[SOURCE RECORDS Boundary: Start]

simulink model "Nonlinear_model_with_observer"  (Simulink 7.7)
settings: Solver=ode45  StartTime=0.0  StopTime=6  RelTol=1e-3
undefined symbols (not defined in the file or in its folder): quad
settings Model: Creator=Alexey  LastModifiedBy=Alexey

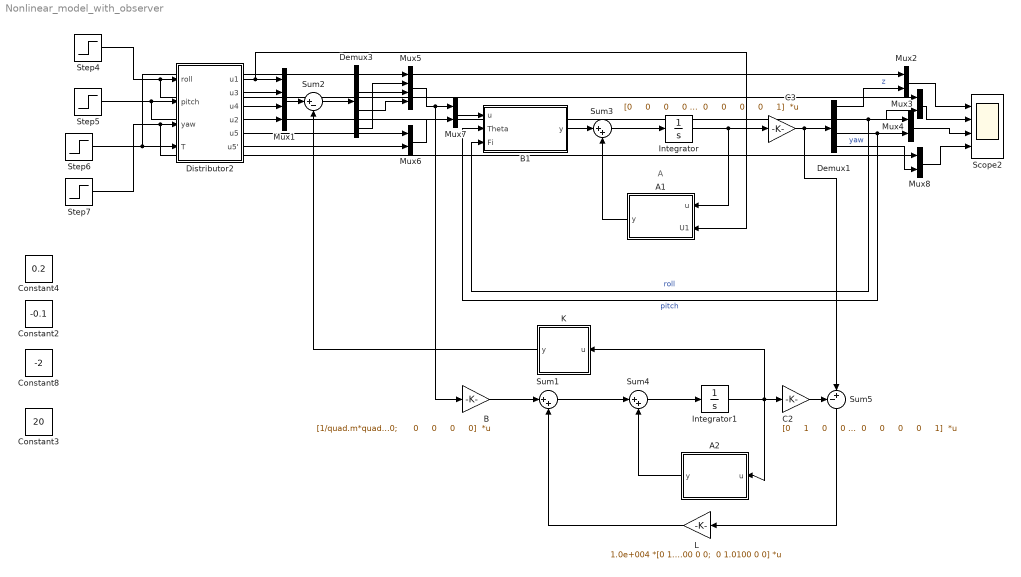
== system Nonlinear_model_with_observer ==
  note: A
  A1 : Stateflow chart  TreatAsAtomicUnit=on
  A2 : Stateflow chart  TreatAsAtomicUnit=on
  "B " : Gain  Gain=|  Multiplication=Matrix(K*u)
      | [1/quad.m*quad.b     0     0     0;
      |      0     0     0     0;
      |      0     0     1/quad.Ixx*quad.b*quad.l     0;
      |      0     0     0     0;
      |      0     0     0     1/quad.Iyy*quad.b*quad.l;
      |      0     0     0     0;
      |      0     1/quad.Izz*quad.k*quad.r     0     0;
      |      0     0     0     0]
  B1 : Stateflow chart  TreatAsAtomicUnit=on
  C2 : Gain  Gain=|  Multiplication=Matrix(K*u)
      | [0     1     0     0     0     0     0     0;
      |      0     0     0     1     0     0     0     0;
      |      0     0     0     0     0     1     0     0;
      |      0     0     0     0     0     0     0     1]
  C3 : Gain  Gain=|  Multiplication=Matrix(K*u)
      | [0     0     0     0     0     1     0     0     0     0     0     0;
      |      0     0     0     0     0     0     0     1     0     0     0     0;
      |      0     0     0     0     0     0     0     0     0     1     0     0;
      |      0     0     0     0     0     0     0     0     0     0     0     1]
  Constant2 : Constant  Value=-0.1
  Constant3 : Constant  Value=20
  Constant4 : Constant  Value=0.2
  Constant8 : Constant  Value=-2
  Demux1 : Demux
  Demux3 : Demux
  Distributor2 : Subsystem
  Integrator : Integrator  ZeroCross=off
  Integrator1 : Integrator
  K : Stateflow chart  TreatAsAtomicUnit=on
  L : Gain  Gain=|  Multiplication=Matrix(K*u)
      | 1.0e+004 *[0 1.0100 0 0; 
      | 0 1.0100 0 0; 
      | 0 1.0100 0 0; 
      | 0 1.0100 0 0; 
      | 0 1.0100 0 0; 
      | 0 1.0100 0 0; 
      | 0 1.0100 0 0; 
      | 0 1.0100 0 0]
  Mux1 : Mux
  Mux{2..4,6..8} (6 alike) : Mux  Inputs=2
  Mux5 : Mux
  Scope2 : Scope  NumInputPorts=4
      settings: TimeRange=1  YMin=9.95~0.0095~-0.0335~0.19  YMax=10.5~0.0135~-0.031~0.23
  Step4 : Step  Time=3.5  After=-0.1  SampleTime=0
  Step5 : Step  Time=3  Before=-0.2  After=0.1  SampleTime=0
  Step6 : Step  Time=2  After=2  SampleTime=0
  Step7 : Step  After=10  SampleTime=0
  Sum1 : Sum  Inputs=|++
  Sum2 : Sum  Inputs=|+-
  Sum3 : Sum  Inputs=|++
  Sum4 : Sum  Inputs=|++
  Sum5 : Sum  Inputs=-+|
  wires:
  B1/1(y) -> Sum3/1
  Sum3/1 -> Integrator/1
  Integrator/1 -> C3/1, A1/1(u)
  A1/1(y) -> Sum3/2
  Distributor2/1("u1 ") -> Mux1/1, A1/2(U1)
  Mux1/1 -> Sum2/1
  Sum2/1 -> Demux3/1
  Distributor2/5("u5 ") -> Mux6/1
  Distributor2/6(u5') -> Mux6/2
  Demux3/1 -> Mux5/1
  Demux3/4 -> Mux5/2
  Demux3/2 -> Mux5/3
  Distributor2/2("u3 ") -> Mux1/2
  Distributor2/3("u4 ") -> Mux1/3
  Distributor2/4("u2 ") -> Mux1/4
  Mux5/1 -> Mux7/1, "B "/1
  Mux6/1 -> Mux7/2
  Mux7/1 -> B1/1(u)
  Demux3/3 -> Mux5/4
  Demux1/1 -> Mux2/2  "z"
  Demux1/2 -> B1/3(Fi), Mux3/2  "roll"
  Demux1/3 -> B1/2(Theta), Mux4/2  "pitch"
  Demux1/4 -> Mux8/2  "yaw"
  C3/1 -> Demux1/1, Sum5/2
  Sum1/1 -> Sum4/1
  Sum4/1 -> Integrator1/1
  Integrator1/1 -> C2/1, K/1(u), A2/1(u)
  C2/1 -> Sum5/1
  A2/1(y) -> Sum4/2
  Sum5/1 -> L/1
  L/1 -> Sum1/2
  "B "/1 -> Sum1/1
  K/1(y) -> Sum2/2
  Step4/1 -> Distributor2/1(roll), Mux3/1
  Step5/1 -> Distributor2/2(pitch), Mux4/1
  Step6/1 -> Distributor2/3(yaw), Mux8/1
  Step7/1 -> Distributor2/4(T), Mux2/1
  Mux2/1 -> Scope2/1
  Mux8/1 -> Scope2/4
  Mux4/1 -> Scope2/3
  Mux3/1 -> Scope2/2

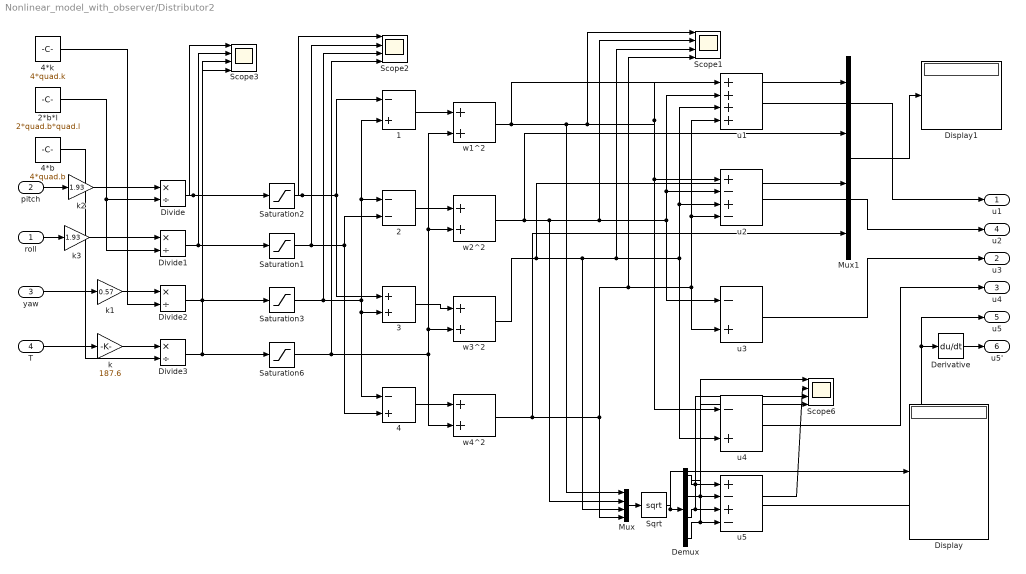
== system Nonlinear_model_with_observer/Distributor2 ==
  roll : Inport
  pitch : Inport  Port=2
  yaw : Inport  Port=3
  T : Inport  Port=4
  1 : Sum  Inputs=-+
  2 : Sum  Inputs=--
  2*b*l : Constant  Value=2*quad.b*quad.l
  3 : Sum
  4 : Sum  Inputs=-+
  4*b : Constant  Value=4*quad.b
  4*k : Constant  Value=4*quad.k
  Demux : Demux
  Derivative : Derivative
  Display : Display
  Display1 : Display
  Divide{,1..3} (4 alike) : Product  Inputs=*/
  Mux : Mux
  Mux1 : Mux
  Saturation1 : Saturate  UpperLimit=287850  LowerLimit=-287850
  Saturation2 : Saturate  UpperLimit=287850  LowerLimit=-287850
  Saturation3 : Saturate  UpperLimit=9000000000  LowerLimit=-9000000000  LinearizeAsGain=off
  Saturation6 : Saturate  UpperLimit=1574000000  LowerLimit=15740000
  Scope{1..3,6} (4 alike) : Scope  NumInputPorts=4
      Scope1 settings: TimeRange=1  YMin=-5~-5~-5~-5  YMax=5~5~5~5  SaveName=ScopeData2
      Scope2 settings: TimeRange=1  YMin=-5~-5~-5~-5  YMax=5~5~5~5  SaveName=ScopeData4
      Scope3 settings: TimeRange=1  YMin=-5~-5~-5~-5  YMax=5~5~5~5  SaveName=ScopeData5
      Scope6 settings: TimeRange=1  YMin=-5~-5~-5~-5  YMax=5~5~5~5  SaveName=ScopeData6
  Sqrt : Sqrt  SaturateOnIntegerOverflow=on
  k : Gain  Gain=187.6
  k1 : Gain  Gain=0.57
  k2 : Gain  Gain=1.93
  k3 : Gain  Gain=1.93
  u1 : Sum  Inputs=++++
  u2 : Sum  Inputs=+-+-
  u3 : Sum  Inputs=-+
  u4 : Sum  Inputs=-+
  u5 : Sum  Inputs=+-+-
  w1^2 : Sum
  w2^2 : Sum
  w3^2 : Sum
  w4^2 : Sum
  "u1 " : Outport
  "u3 " : Outport  Port=2
  "u4 " : Outport  Port=3
  "u2 " : Outport  Port=4
  "u5 " : Outport  Port=5
  u5' : Outport  Port=6
  wires:
  4*k/1 -> Divide2/2
  Divide1/1 -> Scope3/2, Saturation1/1
  Divide2/1 -> Scope3/3, Saturation3/1
  Divide/1 -> Scope3/1, Saturation2/1
  4*b/1 -> Divide3/2
  yaw/1 -> k1/1
  2*b*l/1 -> Divide/2, Divide1/2
  roll/1 -> k3/1
  pitch/1 -> k2/1
  w1^2/1 -> Mux/1, u1/1, u2/1, u4/1, Scope1/1, Mux1/1
  w2^2/1 -> Mux/2, u1/2, u2/2, u3/1, Scope1/2, Mux1/2
  w3^2/1 -> Mux/3, u1/3, u2/3, u4/2, Scope1/3, Mux1/3
  w4^2/1 -> Mux/4, u1/4, u2/4, u3/2, Scope1/4, Mux1/4
  Divide3/1 -> Scope3/4, Saturation6/1
  T/1 -> k/1
  u1/1 -> "u1 "/1
  u2/1 -> "u2 "/1
  u3/1 -> "u3 "/1
  u4/1 -> "u4 "/1
  Mux/1 -> Sqrt/1
  Sqrt/1 -> Demux/1, Display/1
  Demux/1 -> u5/1, Scope6/1
  Demux/3 -> u5/3, Scope6/3
  Demux/2 -> u5/2, Scope6/2
  Demux/4 -> u5/4, Scope6/4
  u5/1 -> Derivative/1, "u5 "/1
  Derivative/1 -> u5'/1
  1/1 -> w1^2/1
  2/1 -> w2^2/1
  3/1 -> w3^2/1
  4/1 -> w4^2/1
  Saturation6/1 -> w1^2/2, w2^2/2, w3^2/2, w4^2/2, Scope2/4
  Mux1/1 -> Display1/1
  Saturation2/1 -> 1/1, 3/1, Scope2/1
  Saturation1/1 -> 2/2, 4/2, Scope2/2
  Saturation3/1 -> 3/2, 4/1, 1/2, 2/1, Scope2/3
  k2/1 -> Divide/1
  k3/1 -> Divide1/1
  k1/1 -> Divide2/1
  k/1 -> Divide3/1

== matlab function K ==
  data: u input double; y output double
function y = fcn(u)
%#codegen

K=[9282000    62976000 0 0 0 0 0 0;
      0 0 889700     2896900 0 0 0 0;
      0 0 0 0 889700     2896900 0 0;
    0 0 0 0 0 0 33088000    30881000]*u;

y=sum(K,2);

== matlab function A2 ==
  data: u input double; y output double
function y = fcn(u)
%#codegen

m=0.468;
b=2.9800e-006;

A = [0     0     0     0     0     0     0     0;
     1     0     0     0     0     0     0     0;
     0     0     0     0     0     0     0     0;
     0     0     1     0     0     0     0     0;
     0     0     0     0     0     0     0     0;
     0     0     0     0     1     0     0     0;
     0     0     0     0     0     0     0     0;
     0     0     0     0     0     0     1     0]*u;
 
 y=sum(A,2);

== matlab function A1 ==
  data: u input double; y output double; U1 input double
function y = fcn(u,U1)
%#codegen

m=0.468;
b=2.9800e-006;

A = [0     0     0     0     0     0     0     0     0     1/m*b*U1     0     0;
     1     0     0     0     0     0     0     1/m*b*U1     0     0     0     0;
     0     0     0     0     0     0     0     0     0     0     0     0;
     0     0     1     0     0     0     0     0     0     0     0     0;
     0     0     0     0     0     0     0     0     0     0     0     0;
     0     0     0     0     1     0     0     0     0     0     0     0;
     0     0     0     0     0     0     0     0     0     0     0     0;
     0     0     0     0     0     0     1     0     0     0     0     0;
     0     0     0     0     0     0     0     0     0     0     0     0;
     0     0     0     0     0     0     0     0     1     0     0     0;
     0     0     0     0     0     0     0     0     0     0     0     0;
     0     0     0     0     0     0     0     0     0     0     1     0]*u;
 
 y=sum(A,2);

== matlab function B1 ==
  data: u input double; y output double; Theta input double; Fi input double
function y = fcn(u,Theta,Fi)
%#codegen

m=0.468;
b=2.9800e-006;
k= 1.1400e-007;
Jr= 3.2441e-005;
l=0.225;
Jxx=0.082;
Jyy=Jxx;
Jzz=0.149;

y = [1/m*b*Theta     0     0     0     0     0;
     0     0     0     0     0     0;
     1/m*b*Fi     0     0     0     0     0;
     0     0     0     0     0     0;
     1/m*b     0     0     0     0     0;
     0     0     0     0     0     0;
     0     0     1/Jxx*b*l     0     0     0;
     0     0     0     0     0     0;
     0     0     0     1/Jyy*b*l     0     0;
     0     0     0     0     0     0;
     0     1/Jzz*k     0     0     0     Jr;
     0     0     0     0     0     0]*u;

[SOURCE RECORDS Boundary: End]

WORK INSTRUCTION: Show the lines where the word "SampleTime" appears in the entries.

RESPONSE TO THIS EXERCISE:
  Step4 : Step  Time=3.5  After=-0.1  SampleTime=0
  Step5 : Step  Time=3  Before=-0.2  After=0.1  SampleTime=0
  Step6 : Step  Time=2  After=2  SampleTime=0
  Step7 : Step  After=10  SampleTime=0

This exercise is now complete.